Some of these are beneficial for amateur games too. Now all you need is one or two cameras, and you can have both an AI referee, or VAR, and an AI commentator for the game.
The approach
Tracking players in sports has been researched before because of its applications, but none reach his level of quality. He attempted to tackle each well-known issue in this problem with new methods.
Previous models used off-the-shelf optical character recognition (OCR) to detect players’ shirt numbers, and that did not work very well. He fine-tuned a dedicated vision-language model (VLM) for this task. A VLM looks like overkill, but identifying and tracking numbers correctly is key to solving the other issues below.
Previous models used simple box trackers, and they suffered in crowded spaces with many players. He uses the new SAM 2.1 model to the mask covering the silhouette of each player pixel-by-pixel rather than just a box. That way, it has more info to keep predicting the trajectory of mask movements, and so assign the correct mask to each player during and after a crowded situation. And better identification of player numbers above certainly helps.

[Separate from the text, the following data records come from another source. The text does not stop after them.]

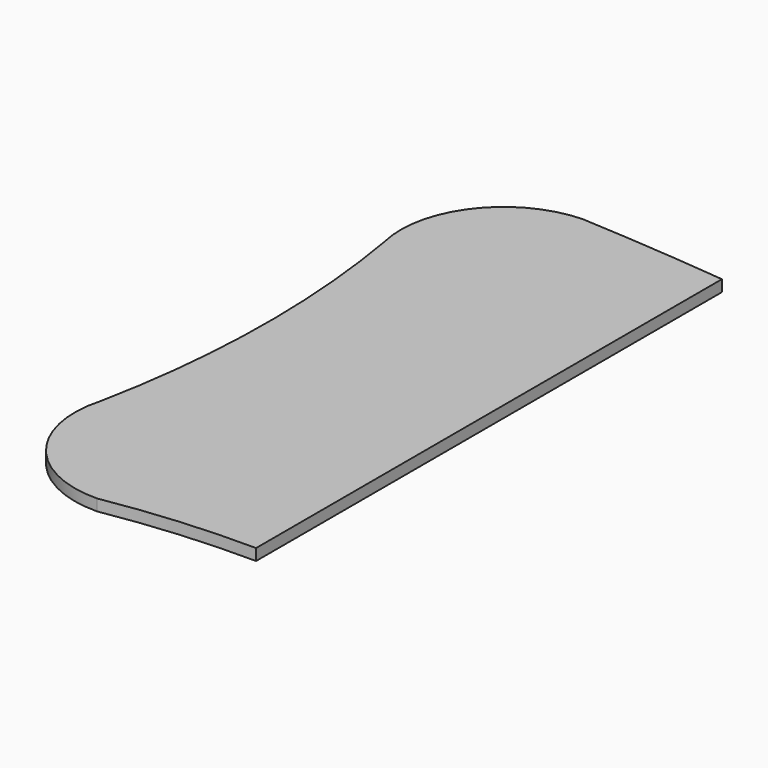
from build123d import *

# Parameters (mm, degrees)
F1_DEPTH = 25.4


# Not quite as in the source:
# - a feature names something its author has since deleted; it is built from what else it names


with BuildPart() as f1:
    # F0 (on Top) → F1 (new body)
    with BuildSketch(Plane.XY):
        with BuildLine():
            Line((-122.74547472, 388.6861801147), (-122.74547472, 642.6861801147))
            ThreePointArc((-122.74547472, 642.6861801147), (-287.6923004816, 657.3774452139), (-452.94547472, 668.0861801147))
            ThreePointArc((-452.94547472, 668.0861801147), (-626.8733109875, 579.3690535942), (-668.84547472, 388.6861801147))
            ThreePointArc((-668.84547472, 388.6861801147), (-637.6124772586, -0.4255791053), (-678.8013792429, -388.6097308259))
            ThreePointArc((-678.8013792429, -388.6097308259), (-639.8991633536, -590.3001733537), (-454.793114458, -679.3404320597))
            ThreePointArc((-454.793114458, -679.3404320597), (-289.3663068571, -658.5539308279), (-122.74547472, -652.5868876355))
            Line((-122.74547472, -652.5868876355), (-122.74547472, 388.6861801147))
        make_face()
    extrude(amount=F1_DEPTH)


solid = f1.part
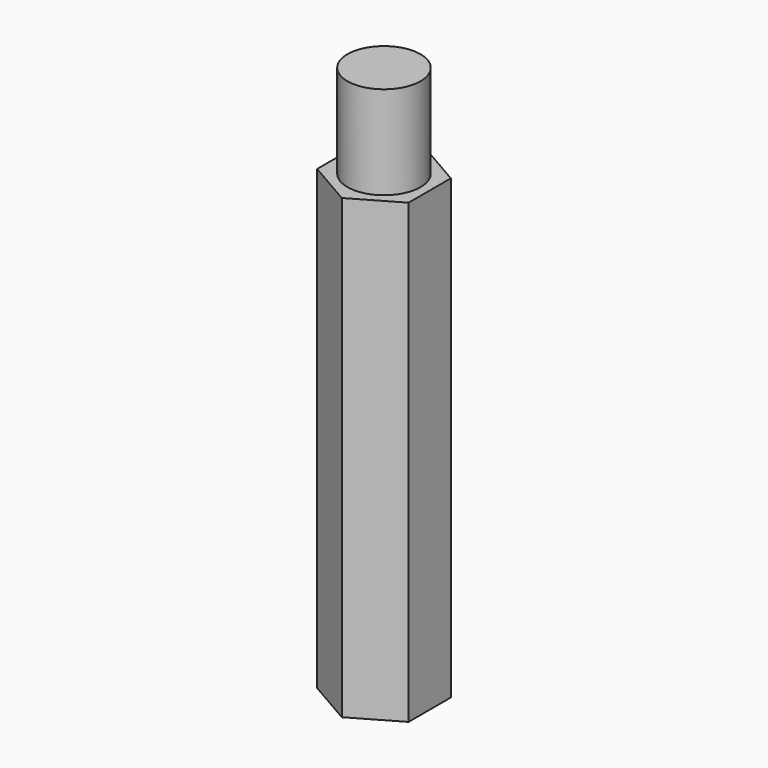
from build123d import *

# Parameters (mm, degrees)
F1_DEPTH = 25
F2_R     = 2
F3_DEPTH = 5.1
F4_R     = 2
F5_DEPTH = 10


with BuildPart() as f1:
    # F0 (on Top) → F1 (new body)
    with BuildSketch(Plane.XY):
        Polygon((2.5, 1.443375673), (0, 2.8867513459), (-2.5, 1.443375673), (-2.5, -1.443375673), (0, -2.8867513459), (2.5, -1.443375673), align=None)
    extrude(amount=F1_DEPTH)

    # F2 (on face) → F3 (join)
    with BuildSketch(Plane.XY.offset(25)):
        Circle(F2_R)
    extrude(amount=F3_DEPTH)

    # F4 (on face) → F5 (cut)
    with BuildSketch(Plane(origin=(0, 0, 0), x_dir=(1, 0, 0), z_dir=(0, 0, -1))):
        Circle(F4_R)
    extrude(amount=-F5_DEPTH, mode=Mode.SUBTRACT)


solid = f1.part
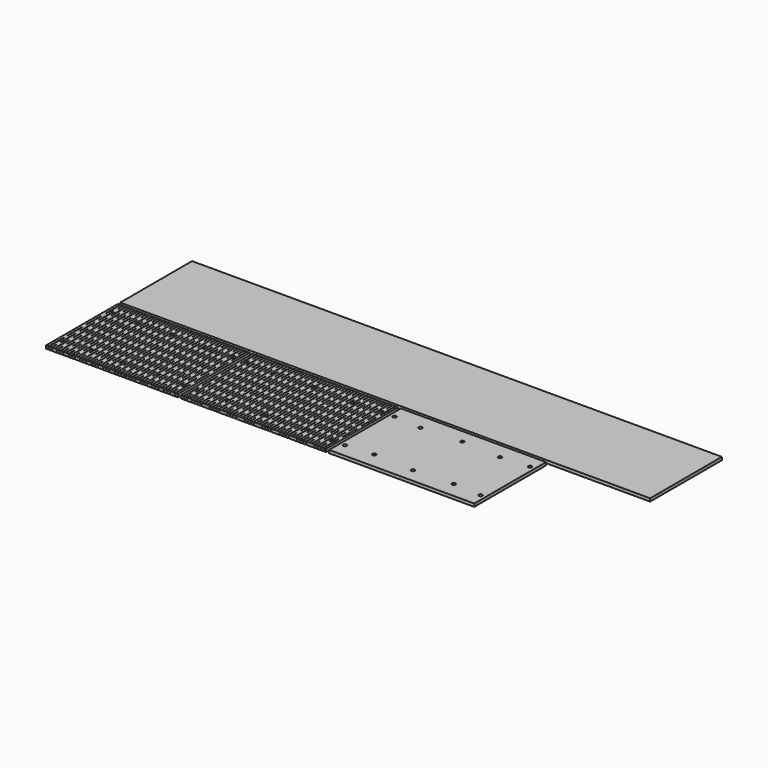
from build123d import *

# Parameters (mm, degrees)
F0_W     = 132.3
F0_H     = 90
F1_DEPTH = 3
F0_W_2   = 531.5
F0_W_3   = 145.6
F2_W     = 0.4
F2_H     = 18.75
F2_H_2   = 6.875
F3_DEPTH = 25
F4_W     = 0.4
F4_H     = 18.75
F4_H_2   = 6.875
F5_DEPTH = 25
F6_D     = 3.5
F6_2_D   = 3.5
F6_3_D   = 3.5
F8_D     = 3.5
F8_2_D   = 3.5
F8_3_D   = 3.5


with BuildPart() as f1:
    # F0 (on Top) → F1 (new body)
    with BuildSketch(Plane.XY):
        with Locations((66.15, -138)):
            Rectangle(F0_W, F0_H)
    extrude(amount=F1_DEPTH)

    # F4 (on face) → F5 (cut)
    with BuildSketch(Plane.XY.offset(3)):
        with Locations((2.7, -173.625)):
            Rectangle(F4_W, F4_H)
        with Locations((5.6, -179.5625)):
            Rectangle(F4_W, F4_H_2)
        with Locations((5.6, -161.75)):
            Rectangle(F4_W, F4_H)
        with Locations((2.7, -149.875)):
            Rectangle(F4_W, F4_H)
        with Locations((5.6, -138)):
            Rectangle(F4_W, F4_H)
        with Locations((2.7, -126.125)):
            Rectangle(F4_W, F4_H)
        with Locations((5.6, -114.25)):
            Rectangle(F4_W, F4_H)
        with Locations((2.7, -102.375)):
            Rectangle(F4_W, F4_H)
        with Locations((5.6, -96.4375)):
            Rectangle(F4_W, F4_H_2)
        with Locations((8.47, -173.625)):
            Rectangle(F4_W, F4_H)
        with Locations((11.37, -179.5625)):
            Rectangle(F4_W, F4_H_2)
        with Locations((11.37, -161.75)):
            Rectangle(F4_W, F4_H)
        with Locations((8.47, -149.875)):
            Rectangle(F4_W, F4_H)
        with Locations((11.37, -138)):
            Rectangle(F4_W, F4_H)
        with Locations((8.47, -126.125)):
            Rectangle(F4_W, F4_H)
        with Locations((11.37, -114.25)):
            Rectangle(F4_W, F4_H)
        with Locations((8.47, -102.375)):
            Rectangle(F4_W, F4_H)
        with Locations((11.37, -96.4375)):
            Rectangle(F4_W, F4_H_2)
        with Locations((14.24, -173.625)):
            Rectangle(F4_W, F4_H)
        with Locations((17.14, -179.5625)):
            Rectangle(F4_W, F4_H_2)
        with Locations((17.14, -161.75)):
            Rectangle(F4_W, F4_H)
        with Locations((14.24, -149.875)):
            Rectangle(F4_W, F4_H)
        with Locations((17.14, -138)):
            Rectangle(F4_W, F4_H)
        with Locations((14.24, -126.125)):
            Rectangle(F4_W, F4_H)
        with Locations((17.14, -114.25)):
            Rectangle(F4_W, F4_H)
        with Locations((14.24, -102.375)):
            Rectangle(F4_W, F4_H)
        with Locations((17.14, -96.4375)):
            Rectangle(F4_W, F4_H_2)
        with Locations((20.01, -173.625)):
            Rectangle(F4_W, F4_H)
        with Locations((22.91, -179.5625)):
            Rectangle(F4_W, F4_H_2)
        with Locations((22.91, -161.75)):
            Rectangle(F4_W, F4_H)
        with Locations((20.01, -149.875)):
            Rectangle(F4_W, F4_H)
        with Locations((22.91, -138)):
            Rectangle(F4_W, F4_H)
        with Locations((20.01, -126.125)):
            Rectangle(F4_W, F4_H)
        with Locations((22.91, -114.25)):
            Rectangle(F4_W, F4_H)
        with Locations((20.01, -102.375)):
            Rectangle(F4_W, F4_H)
        with Locations((22.91, -96.4375)):
            Rectangle(F4_W, F4_H_2)
        with Locations((25.78, -173.625)):
            Rectangle(F4_W, F4_H)
        with Locations((28.68, -179.5625)):
            Rectangle(F4_W, F4_H_2)
        with Locations((28.68, -161.75)):
            Rectangle(F4_W, F4_H)
        with Locations((25.78, -149.875)):
            Rectangle(F4_W, F4_H)
        with Locations((28.68, -138)):
            Rectangle(F4_W, F4_H)
        with Locations((25.78, -126.125)):
            Rectangle(F4_W, F4_H)
        with Locations((28.68, -114.25)):
            Rectangle(F4_W, F4_H)
        with Locations((25.78, -102.375)):
            Rectangle(F4_W, F4_H)
        with Locations((28.68, -96.4375)):
            Rectangle(F4_W, F4_H_2)
        with Locations((31.55, -173.625)):
            Rectangle(F4_W, F4_H)
        with Locations((34.45, -179.5625)):
            Rectangle(F4_W, F4_H_2)
        with Locations((34.45, -161.75)):
            Rectangle(F4_W, F4_H)
        with Locations((31.55, -149.875)):
            Rectangle(F4_W, F4_H)
        with Locations((34.45, -138)):
            Rectangle(F4_W, F4_H)
        with Locations((31.55, -126.125)):
            Rectangle(F4_W, F4_H)
        with Locations((34.45, -114.25)):
            Rectangle(F4_W, F4_H)
        with Locations((31.55, -102.375)):
            Rectangle(F4_W, F4_H)
        with Locations((34.45, -96.4375)):
            Rectangle(F4_W, F4_H_2)
        with Locations((37.32, -173.625)):
            Rectangle(F4_W, F4_H)
        with Locations((40.22, -179.5625)):
            Rectangle(F4_W, F4_H_2)
        with Locations((40.22, -161.75)):
            Rectangle(F4_W, F4_H)
        with Locations((37.32, -149.875)):
            Rectangle(F4_W, F4_H)
        with Locations((40.22, -138)):
            Rectangle(F4_W, F4_H)
        with Locations((37.32, -126.125)):
            Rectangle(F4_W, F4_H)
        with Locations((40.22, -114.25)):
            Rectangle(F4_W, F4_H)
        with Locations((37.32, -102.375)):
            Rectangle(F4_W, F4_H)
        with Locations((40.22, -96.4375)):
            Rectangle(F4_W, F4_H_2)
        with Locations((43.09, -173.625)):
            Rectangle(F4_W, F4_H)
        with Locations((45.99, -179.5625)):
            Rectangle(F4_W, F4_H_2)
        with Locations((45.99, -161.75)):
            Rectangle(F4_W, F4_H)
        with Locations((43.09, -149.875)):
            Rectangle(F4_W, F4_H)
        with Locations((45.99, -138)):
            Rectangle(F4_W, F4_H)
        with Locations((43.09, -126.125)):
            Rectangle(F4_W, F4_H)
        with Locations((45.99, -114.25)):
            Rectangle(F4_W, F4_H)
        with Locations((43.09, -102.375)):
            Rectangle(F4_W, F4_H)
        with Locations((45.99, -96.4375)):
            Rectangle(F4_W, F4_H_2)
        with Locations((48.86, -173.625)):
            Rectangle(F4_W, F4_H)
        with Locations((51.76, -179.5625)):
            Rectangle(F4_W, F4_H_2)
        with Locations((51.76, -161.75)):
            Rectangle(F4_W, F4_H)
        with Locations((48.86, -149.875)):
            Rectangle(F4_W, F4_H)
        with Locations((51.76, -138)):
            Rectangle(F4_W, F4_H)
        with Locations((48.86, -126.125)):
            Rectangle(F4_W, F4_H)
        with Locations((51.76, -114.25)):
            Rectangle(F4_W, F4_H)
        with Locations((48.86, -102.375)):
            Rectangle(F4_W, F4_H)
        with Locations((51.76, -96.4375)):
            Rectangle(F4_W, F4_H_2)
        with Locations((54.63, -173.625)):
            Rectangle(F4_W, F4_H)
        with Locations((57.53, -179.5625)):
            Rectangle(F4_W, F4_H_2)
        with Locations((57.53, -161.75)):
            Rectangle(F4_W, F4_H)
        with Locations((54.63, -149.875)):
            Rectangle(F4_W, F4_H)
        with Locations((57.53, -138)):
            Rectangle(F4_W, F4_H)
        with Locations((54.63, -126.125)):
            Rectangle(F4_W, F4_H)
        with Locations((57.53, -114.25)):
            Rectangle(F4_W, F4_H)
        with Locations((54.63, -102.375)):
            Rectangle(F4_W, F4_H)
        with Locations((57.53, -96.4375)):
            Rectangle(F4_W, F4_H_2)
        with Locations((60.4, -173.625)):
            Rectangle(F4_W, F4_H)
        with Locations((63.3, -179.5625)):
            Rectangle(F4_W, F4_H_2)
        with Locations((63.3, -161.75)):
            Rectangle(F4_W, F4_H)
        with Locations((60.4, -149.875)):
            Rectangle(F4_W, F4_H)
        with Locations((63.3, -138)):
            Rectangle(F4_W, F4_H)
        with Locations((60.4, -126.125)):
            Rectangle(F4_W, F4_H)
        with Locations((63.3, -114.25)):
            Rectangle(F4_W, F4_H)
        with Locations((60.4, -102.375)):
            Rectangle(F4_W, F4_H)
        with Locations((63.3, -96.4375)):
            Rectangle(F4_W, F4_H_2)
        with Locations((66.17, -173.625)):
            Rectangle(F4_W, F4_H)
        with Locations((69.07, -179.5625)):
            Rectangle(F4_W, F4_H_2)
        with Locations((69.07, -161.75)):
            Rectangle(F4_W, F4_H)
        with Locations((66.17, -149.875)):
            Rectangle(F4_W, F4_H)
        with Locations((69.07, -138)):
            Rectangle(F4_W, F4_H)
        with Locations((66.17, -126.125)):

Before, assigning players to teams was done based on shirt colors, but that could be wrong due to many factors like lighting and logos on shirts. He uses another vision-language model, SigLIP, for this task, together with a clustering algorithm to split players into two teams.
The pipeline
This pipeline is in this order:
- Sample frames from video, e.g., every 0.1 second.
- Run first-frame detection to detect players, the ball, shirt numbers, referees…
- Initialize object tracking with SAM 2.1.
- Assign each player to a team.
- Run OCR to detect player numbers.
- Assign each number to a player.
- Cross-frame validation, you cannot trust a single frame.
- Output annotated video.
Pros and cons
Even though it uses a lot of advanced components, his unified solution can run on a single T4 GPU, which is one of the cheapest GPUs available from cloud providers, around $250/month on-demand and $100 spot. However, a limitation is that it is not real-time yet, but he said it can be real time with optimization, quantization, and pruning.